Since we use bit compress, the implementation is not only shorter, but also 32 times faster.

There is no general rule for what heuristics to use.

The heuristics used in previous implementation works quite well in practice. It also turns out to give almost the same answers as "full pivoting" - where the pivoting row is search amongst all elements of the whose submatrix (from the current row and current column).

Though, you should note that both heuristics is dependent on how much the original equations was scaled. For example, if one of the equation was multiplied by $10^6$, then this equation is almost certain to be chosen as pivot in first step. This seems rather strange, so it seems logical to change to a more complicated heuristics, called `implicit pivoting`

.

Implicit pivoting compares elements as if both lines were normalized, so that the maximum element would be unity. To implement this technique, one need to maintain maximum in each row (or maintain each line so that maximum is unity, but this can lead to increase in the accumulated error).
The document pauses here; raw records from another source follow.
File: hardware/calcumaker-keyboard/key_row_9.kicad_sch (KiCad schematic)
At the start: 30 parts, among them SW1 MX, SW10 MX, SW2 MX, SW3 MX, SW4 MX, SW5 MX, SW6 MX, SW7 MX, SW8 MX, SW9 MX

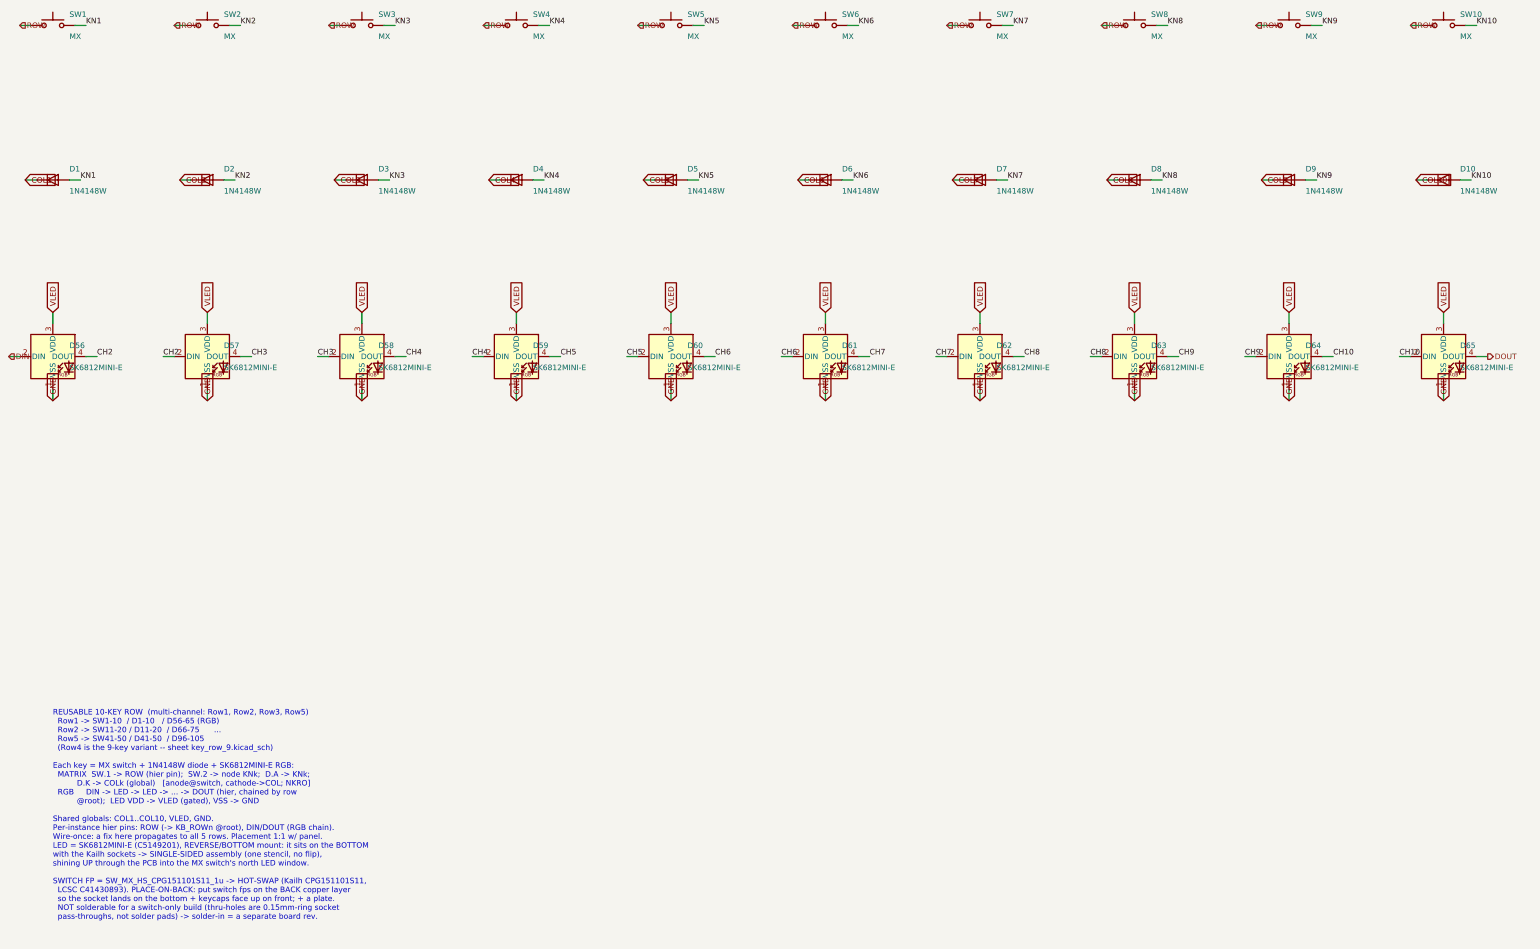
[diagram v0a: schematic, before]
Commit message: hw: regenerate keyboard for the 2U ENTER + vendor the 2U hot-swap footprint
Board files now reflect the 2U ENTER (49 keys):
- key_row.kicad_sch      -> 4 instances (Row1/2/3/5), 30 symbols
- key_row_9.kicad_sch    -> NEW, 1 instance (Row4), 27 symbols: no switch, diode
                            or RGB LED at COL6; refs keep a hole (no SW36/D36/D91)
- root note + rgb_power note updated (49 LEDs, Row4 has 9)

check-calcumaker-keyboard: 176 components (3 fewer), 176/176 footprints assigned,
no duplicate refs, structure sound. Regeneration verified safe first by running the
generator against a scratch copy: the one-off sheets (annunc/kbd_mcu/main_if)
rebuild byte-identical modulo uuids, i.e. nothing was hand-wired.

Vendored calcumaker:SW_MX_HS_CPG151101S11_2u_Vertical -- the 1u hot-swap footprint
plus the four PCB-mount 2U stabilizer NPTH holes (y = +/-11.90mm = 23.8mm spacing;
each wing a 3.05mm hole at x=-7.00 and a 4.00mm at x=+8.24), taken from stock
Button_Switch_Keyboard:SW_Cherry_MX_2.00u_Vertical_PCB and re-expressed about our
origin (already the switch centre). Courtyard grown; 2U keycap envelope on F.Fab.
KiCad 10 parses/plots it (kicad-cli fp export svg).

It is UNUSED by default: we use PLATE-mount stabilizers, which clip into the
switch plate the hot-swap sockets already require, so the PCB needs no stab holes
and ENTER just reuses MX_FP (verified: KiCad's SW_Cherry_MX_2.00u_Vertical_Plate
has the same pad/hole set as the 1u plate fp). PCB-mount would additionally force
a Row5 variant sheet, since ENTER's switch is on the shared 10-key sheet.

Place-on-back is safe: mirroring X maps the stab-hole set onto itself rotated 180,
and a 2U key is symmetric.

Co-Authored-By: Claude Opus 4.8 (1M context) <noreply@anthropic.com>
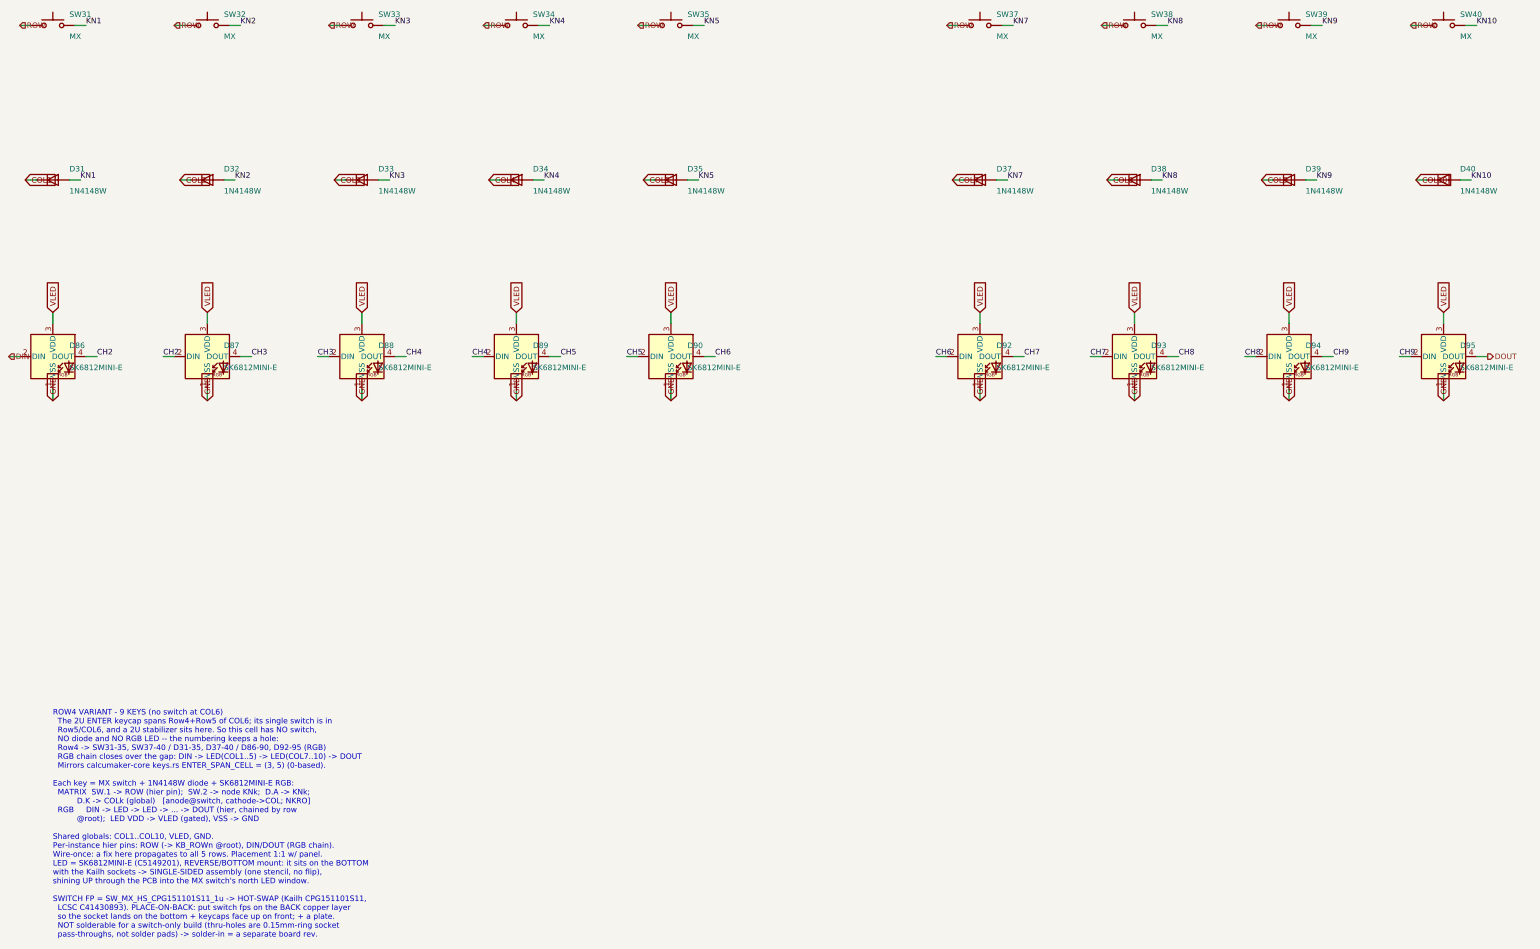
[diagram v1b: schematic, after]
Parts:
- removed D1, D10, D2, D3, D4, D5, D6, D7, D8, D9: 1N4148W, Diode_SMD:D_SOD-123, symbol Device:D
- removed D56, D57, D58, D59, D60, D61, D62, D63, D64, D65: SK6812MINI-E, LED_SMD:LED_SK6812MINI-E_3.2x2.8mm_P1.5mm_ReverseMount, symbol LED:SK6812
- removed SW1, SW10, SW2, SW3, SW4, SW5, SW6, SW7, SW8, SW9: MX, calcumaker:SW_MX_HS_CPG151101S11_1u, symbol Switch:SW_Push
- added D31, D32, D33, D34, D35, D37, D38, D39, D40: 1N4148W, Diode_SMD:D_SOD-123, symbol Device:D
- added D86, D87, D88, D89, D90, D92, D93, D94, D95: SK6812MINI-E, LED_SMD:LED_SK6812MINI-E_3.2x2.8mm_P1.5mm_ReverseMount, symbol LED:SK6812
- added SW31, SW32, SW33, SW34, SW35, SW37, SW38, SW39, SW40: MX, calcumaker:SW_MX_HS_CPG151101S11_1u, symbol Switch:SW_Push
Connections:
- net CH2: now also D86.4 (DOUT), D87.2 (DIN)
- net CH3: now also D87.4 (DOUT), D88.2 (DIN)
- net CH4: now also D88.4 (DOUT), D89.2 (DIN)
- net CH5: now also D89.4 (DOUT), D90.2 (DIN)
- net CH6: now also D90.4 (DOUT), D92.2 (DIN)
- net CH7: now also D92.4 (DOUT), D93.2 (DIN)
- net CH8: now also D93.4 (DOUT), D94.2 (DIN)
- net CH9: now also D94.4 (DOUT), D95.2 (DIN)
- net COL1: now also D31.1 (K)
- net COL10: now also D40.1 (K)
- net COL2: now also D32.1 (K)
- net COL3: now also D33.1 (K)
- net COL4: now also D34.1 (K)
- net COL5: now also D35.1 (K)
- net COL7: now also D37.1 (K)
- net COL8: now also D38.1 (K)
- net COL9: now also D39.1 (K)
- net DIN: now also D86.2 (DIN)
- net DOUT: now also D95.4 (DOUT)
- net GND: now also D86.1 (VSS), D87.1 (VSS), D88.1 (VSS), D89.1 (VSS), D90.1 (VSS), D92.1 (VSS), D93.1 (VSS), D94.1 (VSS), D95.1 (VSS)
- net KN1: now also D31.2 (A), SW31.2
- net KN10: now also D40.2 (A), SW40.2
- net KN2: now also D32.2 (A), SW32.2
- net KN3: now also D33.2 (A), SW33.2
- net KN4: now also D34.2 (A), SW34.2
- net KN5: now also D35.2 (A), SW35.2
- net KN7: now also D37.2 (A), SW37.2
- net KN8: now also D38.2 (A), SW38.2
- net KN9: now also D39.2 (A), SW39.2
- net ROW: now also SW31.1, SW32.1, SW33.1, SW34.1, SW35.1, SW37.1, SW38.1, SW39.1, SW40.1
- net VLED: now also D86.3 (VDD), D87.3 (VDD), D88.3 (VDD), D89.3 (VDD), D90.3 (VDD), D92.3 (VDD), D93.3 (VDD), D94.3 (VDD), D95.3 (VDD)
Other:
- note added: "ROW4 VARIANT - 9 KEYS (no switch at COL6) The 2U ENTER keycap spans Row4+Row5 of COL6; its single switch is in Row5/COL6, and a 2U stabilizer sits here. So this cell has NO switch, NO diode and NO RGB LED -- the numbering keeps a hole: Row4 -> SW31-35, SW37-40 / D31-35, D37-40 / D86-90, D92-95 (RGB) RGB chain closes over the gap: DIN -> LED(COL1..5) -> LED(COL7..10) -> DOUT Mirrors calcumaker-cor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"
- note removed: "REUSABLE 10-KEY ROW (multi-channel: Row1, Row2, Row3, Row5) Row1 -> SW1-10 / D1-10 / D56-65 (RGB) Row2 -> SW11-20 / D11-20 / D66-75 ... Row5 -> SW41-50 / D41-50 / D96-105 (Row4 is the 9-key variant -- sheet key_row_9.kicad_sch) Each key = MX switch + 1N4148W diode + SK6812MINI-E RGB: MATRIX SW.1 -> ROW (hier pin); SW.2 -> node KNk; D.A -> KNk; D.K -> COLk (global) [anode@switch, cathode->COL; NKR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"
- title: Calcumaker 16 — Keyboard — Reusable 10-key row (MX + diode + SK6812MINI-E RGB) -> Calcumaker 16 — Keyboard — Row4 variant: 9 keys (2U ENTER spans COL6 - no switch there)

Despite various heuristics, Gauss-Jordan algorithm can still lead to large errors in special matrices even of size $50 - 100$.

Therefore, the resulting Gauss-Jordan solution must sometimes be improved by applying a simple numerical method - for example, the method of simple iteration.

Thus, the solution turns into two-step: First, Gauss-Jordan algorithm is applied, and then a numerical method taking initial solution as solution in the first step.